Thanks for doing this, Jason! As much as I am looking forward to the music related videos, the tech-stuff is very useful as well! :-D By the way, it was great to read what 10gbE network switch you are using, as I am also considering switching to that. Could you tell us, which network cards are built into you computers? That would be a big help, as there is not much you can read about 10gbE these days ... almost everybody is still using 1gb.
Also, you are still sending the instruments in groups (WW high short, etc). Is VEpro with 10gbE still not powerful enough to send each instrument individually, or do you just not need that?

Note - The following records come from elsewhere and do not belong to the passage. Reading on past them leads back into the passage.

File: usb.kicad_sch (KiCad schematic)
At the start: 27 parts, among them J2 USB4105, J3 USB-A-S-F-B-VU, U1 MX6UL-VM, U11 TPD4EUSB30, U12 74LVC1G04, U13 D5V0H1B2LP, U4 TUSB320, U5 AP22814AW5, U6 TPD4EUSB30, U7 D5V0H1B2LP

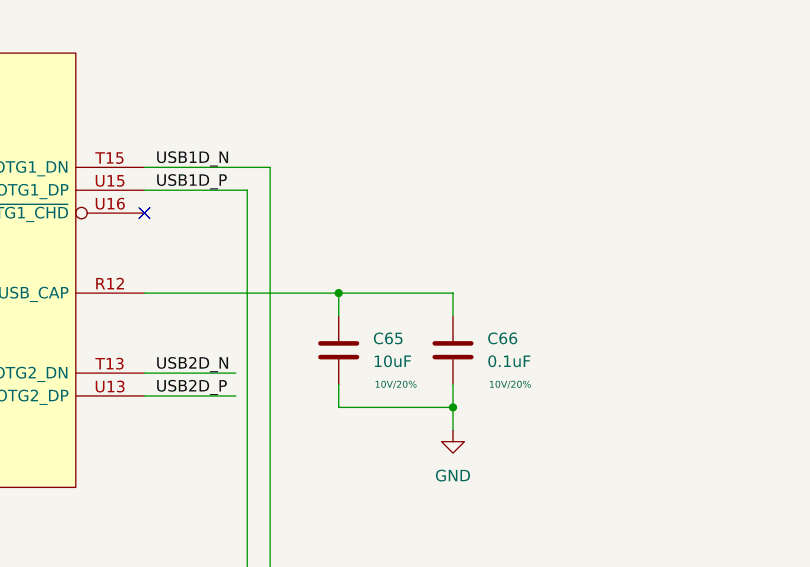
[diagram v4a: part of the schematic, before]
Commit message: lots of routing, ddr length matching done
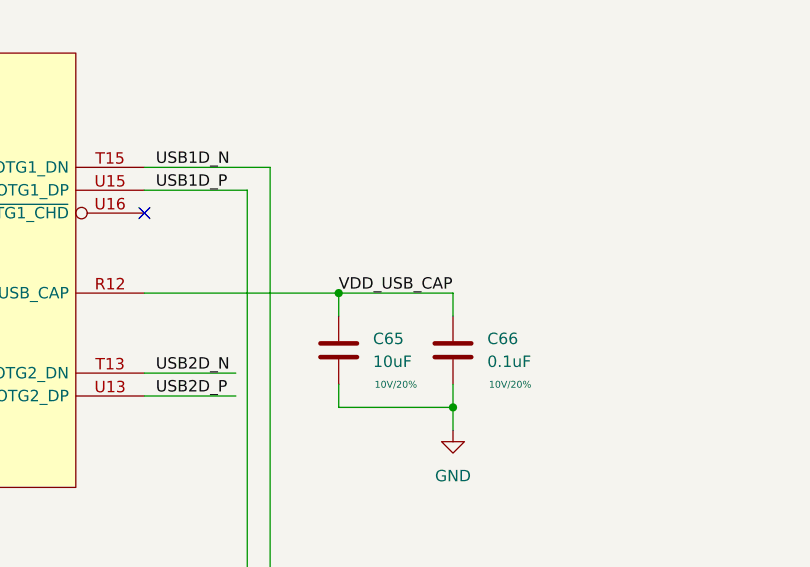
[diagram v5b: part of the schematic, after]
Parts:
- J3: footprint imx6ull-sbc:SAMTEC_USB-A-S-X-X-VU -> qsbc-zero:SAMTEC_USB-A-S-X-X-VU
- U1: footprint imx6ull-sbc:SOT1534-2 -> qsbc-zero:SOT1534-2; symbol imx6ull-sbc:MX6UL-VM -> qsbc-zero:MX6UL-VM
- U11, U6: symbol imx6ull-sbc:TPD4EUSB30 -> qsbc-zero:TPD4EUSB30
- U13, U7: footprint imx6ull-sbc:DFN100X60X45-2N -> qsbc-zero:DFN100X60X45-2N; symbol imx6ull-sbc:D5V0H1B2LP -> qsbc-zero:D5V0H1B2LP
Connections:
- net VDD_USB_CAP: now reaches C65.1, C66.1, U1.R12 (VDD_USB_CAP)
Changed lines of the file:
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@@
     (stroke (width 0) (type default) (color 0 0 0 0))
+  )
+  (label "VDD_USB_CAP" (at 130.81 80.01 0)
+    (effects (font (size 1.27 1.27)) (justify left bottom))
   )
   (label "~{USB1_INT}" (at 35.56 22.86 0)
@@
     (pin "1")
   )
-  (symbol (lib_id "imx6ull-sbc:D5V0H1B2LP") (at 298.45 60.96 270) (unit 1)
+  (symbol (lib_id "qsbc-zero:D5V0H1B2LP") (at 298.45 60.96 270) (unit 1)
     (in_bom yes) (on_board yes) (fields_autoplaced)
     (property "Reference" "U13" (id 0) (at 299.72 59.6899 90)
@@
       (effects (font (size 1.27 1.27)) (justify left))
     )
-    (property "Footprint" "imx6ull-sbc:DFN100X60X45-2N" (id 2) (at 299.72 61.087 0)
+    (property "Footprint" "qsbc-zero:DFN100X60X45-2N" (id 2) (at 299.72 61.087 0)
       (effects (font (size 1.27 1.27)) hide)
     )
@@
     (pin "1")
   )
-  (symbol (lib_id "imx6ull-sbc:MX6UL-VM") (at 76.2 53.34 0) (unit 8)
+  (symbol (lib_id "qsbc-zero:MX6UL-VM") (at 76.2 53.34 0) (unit 8)
     (in_bom yes) (on_board yes) (fields_autoplaced)
     (property "Reference" "U1" (id 0) (at 76.2 46.99 0)
@@
       (effects (font (size 1.524 1.524)))
     )
-    (property "Footprint" "imx6ull-sbc:SOT1534-2" (id 2) (at 89.154 82.804 0)
+    (property "Footprint" "qsbc-zero:SOT1534-2" (id 2) (at 89.154 82.804 0)
       (effects (font (size 1.524 1.524)) hide)
     )
@@
     (pin "1")
   )
-  (symbol (lib_id "imx6ull-sbc:TPD4EUSB30") (at 241.3 86.36 0) (unit 1)
+  (symbol (lib_id "qsbc-zero:TPD4EUSB30") (at 241.3 86.36 0) (unit 1)
     (in_bom yes) (on_board yes) (fields_autoplaced)
     (property "Reference" "U11" (id 0) (at 241.3 73.1314 0))
@@
     (pin "1")
   )
-  (symbol (lib_id "imx6ull-sbc:TPD4EUSB30") (at 135.89 207.01 0) (unit 1)
+  (symbol (lib_id "qsbc-zero:TPD4EUSB30") (at 135.89 207.01 0) (unit 1)
     (in_bom yes) (on_board yes) (fields_autoplaced)
     (property "Reference" "U6" (id 0) (at 135.89 193.7814 0))
@@
     (pin "2")
   )
-  (symbol (lib_id "imx6ull-sbc:D5V0H1B2LP") (at 181.61 208.28 0) (unit 1)
+  (symbol (lib_id "qsbc-zero:D5V0H1B2LP") (at 181.61 208.28 0) (unit 1)
     (in_bom yes) (on_board yes) (fields_autoplaced)
     (property "Reference" "U7" (id 0) (at 181.61 203.2 0))
     (property "Value" "D5V0H1B2LP" (id 1) (at 181.61 205.74 0))
-    (property "Footprint" "imx6ull-sbc:DFN100X60X45-2N" (id 2) (at 181.737 207.01 0)
+    (property "Footprint" "qsbc-zero:DFN100X60X45-2N" (id 2) (at 181.737 207.01 0)
       (effects (font (size 1.27 1.27)) hide)
     )
@@
     (property "Reference" "J3" (id 0) (at 222.25 40.64 0))
     (property "Value" "USB-A-S-F-B-VU" (id 1) (at 222.25 43.18 0))
-    (property "Footprint" "imx6ull-sbc:SAMTEC_USB-A-S-X-X-VU" (id 2) (at 226.06 54.61 0)
-      (effects (font (size 1.27 1.27)) hide)
-    )
+    (property "Footprint" "qsbc-zero:SAMTEC_USB-A-S-X-X-VU" (id 2) (at 226.06 54.61 0)
+      (effects (font (size 1.27 1.27)) hide)
+    )

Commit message: more pcb work, bom work
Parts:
- C63, C64, C69: DigiKey_PN (none) -> 490-13409-1-ND; MPN (none) -> GCM155C71A105KE38D
- C65: DigiKey_PN (none) -> 1276-1450-1-ND; MPN (none) -> CL05A106MP5NUNC
- C66: footprint Capacitor_SMD:C_0201_0603Metric -> Capacitor_SMD:C_0402_1005Metric; DigiKey_PN (none) -> 490-14603-1-ND; MPN (none) -> GRM155R71E104KE14J; Rating 10V/20% -> 25V/20%
- C67, C94: DigiKey_PN (none) -> 490-14603-1-ND; MPN (none) -> GRM155R71E104KE14J; Rating 10V/20% -> 25V/20%
- C68, C95: DigiKey_PN (none) -> 490-14603-1-ND; MPN (none) -> GRM155R71E104KE14J; Rating 6.3V/20% -> 25V/20%
- C82, C93: DigiKey_PN (none) -> 478-8198-1-ND; MPN (none) -> F931A107MBA
- J2: DigiKey_PN (none) -> 2073-USB4105-GF-ACT-ND; MPN (none) -> USB4105-GF-A
- J3: DigiKey_PN (none) -> SAM10862-ND; MPN (none) -> USB-A-S-F-B-VU
- R10, R11, R38, R39: DigiKey_PN (none) -> 311-10KJRCT-ND; MPN (none) -> RC0402JR-0710KL
- R40: DNP DNP -> (none); DigiKey_PN (none) -> 311-0.0LRCT-ND; MPN (none) -> RC0402FR-070RL
- R9: footprint Capacitor_SMD:C_0402_1005Metric -> Resistor_SMD:R_0402_1005Metric; DigiKey_PN (none) -> 311-1.0MJRCT-ND; MPN (none) -> RC0402JR-071ML
- U1: DigiKey_PN (none) -> 568-14995-ND; MPN (none) -> MCIMX6Y2DVM09AB
- U11, U6: DigiKey_PN (none) -> 296-28063-1-ND; MPN (none) -> TPD4EUSB30DQAR
- U12: DNP (none) -> DNP; DigiKey_PN (none) -> 296-26588-1-ND; MPN (none) -> SN74LVC1G04QDBVRQ1
- U13, U7: DigiKey_PN (none) -> D5V0H1B2LP-7BDICT-ND; MPN (none) -> D5V0H1B2LP-7B
- U4: DigiKey_PN (none) -> 296-43142-1-ND; MPN (none) -> TUSB320LAIRWBR
- U5: value AP22814AW5 -> AP22811B; DigiKey_PN (none) -> AP22811BW5-7DICT-ND; MPN (none) -> AP22811BW5-7
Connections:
- net USB_VBUS: now also C82.1
- net VBUS_1: no longer C82.1
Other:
- moved on the sheet: C82

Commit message: add basic readme, rev 1 of pcb
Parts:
- U12: DigiKey_PN 296-26588-1-ND -> 296-11599-1-ND; MPN SN74LVC1G04QDBVRQ1 -> SN74LVC1G04DBVR
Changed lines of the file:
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@@
       (effects (font (size 1.27 1.27)) hide)
     )
-    (property "DigiKey_PN" "296-26588-1-ND" (id 4) (at 252.73 138.43 0)
+    (property "DigiKey_PN" "296-11599-1-ND" (id 4) (at 252.73 138.43 0)
       (effects (font (size 1.27 1.27)) hide)
     )
-    (property "MPN" "SN74LVC1G04QDBVRQ1" (id 5) (at 252.73 138.43 0)
+    (property "MPN" "SN74LVC1G04DBVR" (id 5) (at 252.73 138.43 0)
       (effects (font (size 1.27 1.27)) hide)
     )

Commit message: misc rev2 fixes
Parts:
- removed C82: 100uF, Capacitor_Tantalum_SMD:CP_EIA-3528-15_AVX-H, symbol Device:C_Polarized
- added C82: 10uF, Capacitor_SMD:C_0402_1005Metric, symbol Device:C
- added C97: 0.1uF, Capacitor_SMD:C_0402_1005Metric, symbol Device:C
- C93: value 100uF -> 120uF; footprint Capacitor_Tantalum_SMD:CP_EIA-3528-15_AVX-H -> Capacitor_SMD:CP_Elec_6.3x4.9; DigiKey_PN 478-8198-1-ND -> 732-6413-1-ND; MPN F931A107MBA -> 875105244013
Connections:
- net GND: now also C82.2, C97.2
- net VBUS_1: now also C82.1, C97.1
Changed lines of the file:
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@@
   (junction (at 123.19 173.99) (diameter 0) (color 0 0 0 0)
   )
+  (junction (at 167.64 137.16) (diameter 0) (color 0 0 0 0)
+  )
   (junction (at 208.28 166.37) (diameter 0) (color 0 0 0 0)
   )
@@
   (junction (at 208.28 147.32) (diameter 0) (color 0 0 0 0)
   )
+  (junction (at 156.21 127) (diameter 0) (color 0 0 0 0)
+  )
+  (junction (at 156.21 137.16) (diameter 0) (color 0 0 0 0)
+  )
   (junction (at 142.24 147.32) (diameter 0) (color 0 0 0 0)
   )
@@
   (junction (at 115.57 161.29) (diameter 0) (color 0 0 0 0)
   )
+  (junction (at 144.78 127) (diameter 0) (color 0 0 0 0)
+  )
   (junction (at 38.1 66.04) (diameter 0) (color 0 0 0 0)
   )
@@
   )
   (junction (at 254 66.04) (diameter 0) (color 0 0 0 0)
-  )
-  (junction (at 227.33 127) (diameter 0) (color 0 0 0 0)
   )
   (no_connect (at 228.6 88.9))
@@
   (no_connect (at 106.68 189.23))
   (no_connect (at 106.68 191.77))
+  (wire (pts (xy 167.64 137.16) (xy 167.64 138.43))
+    (stroke (width 0) (type default) (color 0 0 0 0))
+  )
   (wire (pts (xy 190.5 172.72) (xy 203.2 172.72))
     (stroke (width 0) (type default) (color 0 0 0 0))
@@
     (stroke (width 0) (type default) (color 0 0 0 0))
   )
-  (wire (pts (xy 115.57 127) (xy 167.64 127))
+  (wire (pts (xy 115.57 127) (xy 144.78 127))
     (stroke (width 0) (type default) (color 0 0 0 0))
   )
@@
     (stroke (width 0) (type default) (color 0 0 0 0))
   )
+  (wire (pts (xy 156.21 127) (xy 156.21 128.27))
+    (stroke (width 0) (type default) (color 0 0 0 0))
+  )
   (wire (pts (xy 208.28 166.37) (xy 237.49 166.37))
     (stroke (width 0) (type default) (color 0 0 0 0))
@@
     (stroke (width 0) (type default) (color 0 0 0 0))
   )
-  (wire (pts (xy 167.64 135.89) (xy 167.64 138.43))
+  (wire (pts (xy 167.64 135.89) (xy 167.64 137.16))
     (stroke (width 0) (type default) (color 0 0 0 0))
   )
@@
     (stroke (width 0) (type default) (color 0 0 0 0))
   )
-  (wire (pts (xy 227.33 127) (xy 227.33 128.27))
-    (stroke (width 0) (type default) (color 0 0 0 0))
-  )
   (wire (pts (xy 209.55 132.08) (xy 209.55 138.43))
     (stroke (width 0) (type default) (color 0 0 0 0))
@@
     (stroke (width 0) (type default) (color 0 0 0 0))
   )
-  (wire (pts (xy 215.9 127) (xy 227.33 127))
-    (stroke (width 0) (type default) (color 0 0 0 0))
-  )
   (wire (pts (xy 254 60.96) (xy 254 66.04))
     (stroke (width 0) (type default) (color 0 0 0 0))
   )
+  (wire (pts (xy 144.78 127) (xy 144.78 128.27))
+    (stroke (width 0) (type default) (color 0 0 0 0))
+  )
   (wire (pts (xy 83.82 199.39) (xy 83.82 201.93))
     (stroke (width 0) (type default) (color 0 0 0 0))
@@
     (stroke (width 0) (type default) (color 0 0 0 0))
   )
+  (wire (pts (xy 156.21 135.89) (xy 156.21 137.16))
+    (stroke (width 0) (type default) (color 0 0 0 0))
+  )
   (wire (pts (xy 33.02 19.05) (xy 45.72 19.05))
     (stroke (width 0) (type default) (color 0 0 0 0))
@@
     (stroke (width 0) (type default) (color 0 0 0 0))
   )
+  (wire (pts (xy 156.21 127) (xy 167.64 127))
+    (stroke (width 0) (type default) (color 0 0 0 0))
+  )
   (wire (pts (xy 208.28 156.21) (xy 208.28 147.32))
     (stroke (width 0) (type default) (color 0 0 0 0))
@@
     (stroke (width 0) (type default) (color 0 0 0 0))
   )
+  (wire (pts (xy 156.21 137.16) (xy 167.64 137.16))
+    (stroke (width 0) (type default) (color 0 0 0 0))
+  )
   (wire (pts (xy 184.15 132.08) (xy 180.34 132.08))
     (stroke (width 0) (type default) (color 0 0 0 0))
@@
     (stroke (width 0) (type default) (color 0 0 0 0))
   )
+  (wire (pts (xy 144.78 135.89) (xy 144.78 137.16))
+    (stroke (width 0) (type default) (color 0 0 0 0))
+  )
   (wire (pts (xy 297.18 71.12) (xy 297.18 73.66))
     (stroke (width 0) (type default) (color 0 0 0 0))
@@
     (stroke (width 0) (type default) (color 0 0 0 0))
   )
-  (wire (pts (xy 227.33 127) (xy 242.57 127))
+  (wire (pts (xy 215.9 127) (xy 242.57 127))
     (stroke (width 0) (type default) (color 0 0 0 0))
   )
@@
     (stroke (width 0) (type default) (color 0 0 0 0))
   )
+  (wire (pts (xy 144.78 127) (xy 156.21 127))
+    (stroke (width 0) (type default) (color 0 0 0 0))
+  )
   (wire (pts (xy 33.02 26.67) (xy 45.72 26.67))
     (stroke (width 0) (type default) (color 0 0 0 0))
@@
     (stroke (width 0) (type default) (color 0 0 0 0))
   )
-  (wire (pts (xy 227.33 135.89) (xy 227.33 140.97))
+  (wire (pts (xy 144.78 137.16) (xy 156.21 137.16))
     (stroke (width 0) (type default) (color 0 0 0 0))
   )
@@
       (effects (font (size 1.27 1.27)) (justify left))
     )
-    (property "Value" "100uF" (id 1) (at 257.81 57.5309 0)
-      (effects (font (size 1.27 1.27)) (justify left))
-    )
-    (property "Footprint" "Capacitor_Tantalum_SMD:CP_EIA-3528-15_AVX-H" (id 2) (at 254.9652 60.96 0)
+    (property "Value" "120uF" (id 1) (at 257.81 57.5309 0)
+      (effects (font (size 1.27 1.27)) (justify left))
+    )
+    (property "Footprint" "Capacitor_SMD:CP_Elec_6.3x4.9" (id 2) (at 254.9652 60.96 0)
       (effects (font (size 1.27 1.27)) hide)
     )
@@
       (effects (font (size 0.762 0.762)))
     )
-    (property "DigiKey_PN" "478-8198-1-ND" (id 5) (at 254 57.15 0)
-      (effects (font (size 1.27 1.27)) hide)
-    )
-    (property "MPN" "F931A107MBA" (id 6) (at 254 57.15 0)
+    (property "DigiKey_PN" "732-6413-1-ND" (id 5) (at 254 57.15 0)
+      (effects (font (size 1.27 1.27)) hide)
+    )
+    (property "MPN" "875105244013" (id 6) (at 254 57.15 0)
       (effects (font (size 1.27 1.27)) hide)
     )
@@
     )
     (pin "1")
-  )
-  (symbol (lib_id "Device:C_Polarized") (at 227.33 132.08 0) (unit 1)
-    (in_bom yes) (on_board yes)
-    (property "Reference" "C82" (id 0) (at 231.14 129.9209 0)
-      (effects (font (size 1.27 1.27)) (justify left))
-    )
-    (property "Value" "100uF" (id 1) (at 231.14 132.4609 0)
-      (effects (font (size 1.27 1.27)) (justify left))
-    )
-    (property "Footprint" "Capacitor_Tantalum_SMD:CP_EIA-3528-15_AVX-H" (id 2) (at 228.2952 135.89 0)
-      (effects (font (size 1.27 1.27)) hide)
-    )
-    (property "Datasheet" "~" (id 3) (at 227.33 132.08 0)
-      (effects (font (size 1.27 1.27)) hide)
-    )
-    (property "Rating" "10V/20%" (id 4) (at 233.68 134.62 0)
-      (effects (font (size 0.762 0.762)))
-    )
-    (property "DigiKey_PN" "478-8198-1-ND" (id 5) (at 227.33 132.08 0)
-      (effects (font (size 1.27 1.27)) hide)
-    )
-    (property "MPN" "F931A107MBA" (id 6) (at 227.33 132.08 0)
-      (effects (font (size 1.27 1.27)) hide)
-    )
-    (pin "1")
-    (pin "2")
   )
   (symbol (lib_id "power:GND") (at 38.1 78.74 0) (unit 1)
@@
     (pin "2")
   )
+  (symbol (lib_id "Device:C") (at 156.21 132.08 0) (unit 1)
+    (in_bom yes) (on_board yes)
+    (property "Reference" "C97" (id 0) (at 159.385 130.8099 0)
+      (effects (font (size 1.27 1.27)) (justify left))
+    )
+    (property "Value" "0.1uF" (id 1) (at 159.385 133.3499 0)
+      (effects (font (size 1.27 1.27)) (justify left))
+    )
+    (property "Footprint" "Capacitor_SMD:C_0402_1005Metric" (id 2) (at 157.1752 135.89 0)
+      (effects (font (size 1.27 1.27)) hide)
+    )
+    (property "Datasheet" "~" (id 3) (at 156.21 132.08 0)
+      (effects (font (size 1.27 1.27)) hide)
+    )
+    (property "Rating" "25V/20%" (id 4) (at 161.29 135.255 0)
+      (effects (font (size 0.762 0.762)))
+    )
+    (property "DigiKey_PN" "490-14603-1-ND" (id 5) (at 156.21 132.08 0)
+      (effects (font (size 1.27 1.27)) hide)
+    )
+    (property "MPN" "GRM155R71E104KE14J" (id 6) (at 156.21 132.08 0)
+      (effects (font (size 1.27 1.27)) hide)
+    )
+    (pin "1")
+    (pin "2")
+  )
   (symbol (lib_id "Device:R") (at 130.81 161.29 90) (unit 1)
     (in_bom yes) (on_board yes)
@@
     )
     (property "MPN" "RC0402JR-071ML" (id 6) (at 130.81 161.29 0)
+      (effects (font (size 1.27 1.27)) hide)
+    )
+    (pin "1")
+    (pin "2")
+  )
+  (symbol (lib_id "Device:C") (at 144.78 132.08 0) (unit 1)
+    (in_bom yes) (on_board yes)
+    (property "Reference" "C82" (id 0) (at 148.59 130.8099 0)
+      (effects (font (size 1.27 1.27)) (justify left))
+    )
+    (property "Value" "10uF" (id 1) (at 148.59 133.3499 0)
+      (effects (font (size 1.27 1.27)) (justify left))
+    )
+    (property "Footprint" "Capacitor_SMD:C_0402_1005Metric" (id 2) (at 145.7452 135.89 0)
+      (effects (font (size 1.27 1.27)) hide)
+    )
+    (property "Datasheet" "~" (id 3) (at 144.78 132.08 0)
+      (effects (font (size 1.27 1.27)) hide)
+    )
+    (property "Rating" "10V/20%" (id 4) (at 151.13 135.89 0)
+      (effects (font (size 0.762 0.762)))
+    )
+    (property "DigiKey_PN" "1276-1450-1-ND" (id 5) (at 144.78 132.08 0)
+      (effects (font (size 1.27 1.27)) hide)
+    )
+    (property "MPN" "CL05A106MP5NUNC" (id 6) (at 144.78 132.08 0)
       (effects (font (size 1.27 1.27)) hide)
     )
@@
     (pin "9")
   )
-  (symbol (lib_id "power:GND") (at 227.33 140.97 0) (unit 1)
-    (in_bom yes) (on_board yes) (fields_autoplaced)
-    (property "Reference" "#PWR0153" (id 0) (at 227.33 147.32 0)
-      (effects (font (size 1.27 1.27)) hide)
-    )
-    (property "Value" "GND" (id 1) (at 227.33 145.415 0))
-    (property "Footprint" "" (id 2) (at 227.33 140.97 0)
-      (effects (font (size 1.27 1.27)) hide)
-    )
-    (property "Datasheet" "" (id 3) (at 227.33 140.97 0)
-      (effects (font (size 1.27 1.27)) hide)
-    )
-    (pin "1")
-  )
   (symbol (lib_id "Device:C") (at 266.7 57.15 0) (unit 1)

Thanks!


----------



## Jason Graves

MatFluor said:


> Very nice videos! I don't use cubase, but it's great to have a nice in-depth view.
> Since I am composer who focuses on horror and similar genres myself, it's very nice to see that we all cook with water
> 
> I would love to hear more about your custom library, why did you do it, was it worth it, costs/effort for recording and preparing etc.
> 
> Cool stuff!



That's a great idea! I was planning on doing some kind of "How to make your own samples" vid and now I think this may be an even better place to start. Thanks!


----------



## Jason Graves

Beluga said:


> What do you mean?


 
Pay no attention to me...just being the usual dork.


----------



## Jason Graves

Olfirf said:


> Thanks for doing this, Jason! As much as I am looking forward to the music related videos, the tech-stuff is very useful as well! :-D By the way, it was great to read what 10gbE network switch you are using, as I am also considering switching to that. Could you tell us, which network cards are built into you computers? That would be a big help, as there is not much you can read about 10gbE these days ... almost everybody is still using 1gb.
> Also, you are still sending the instruments in groups (WW high short, etc). Is VEpro with 10gbE still not powerful enough to send each instrument individually, or do you just not need that? Thanks!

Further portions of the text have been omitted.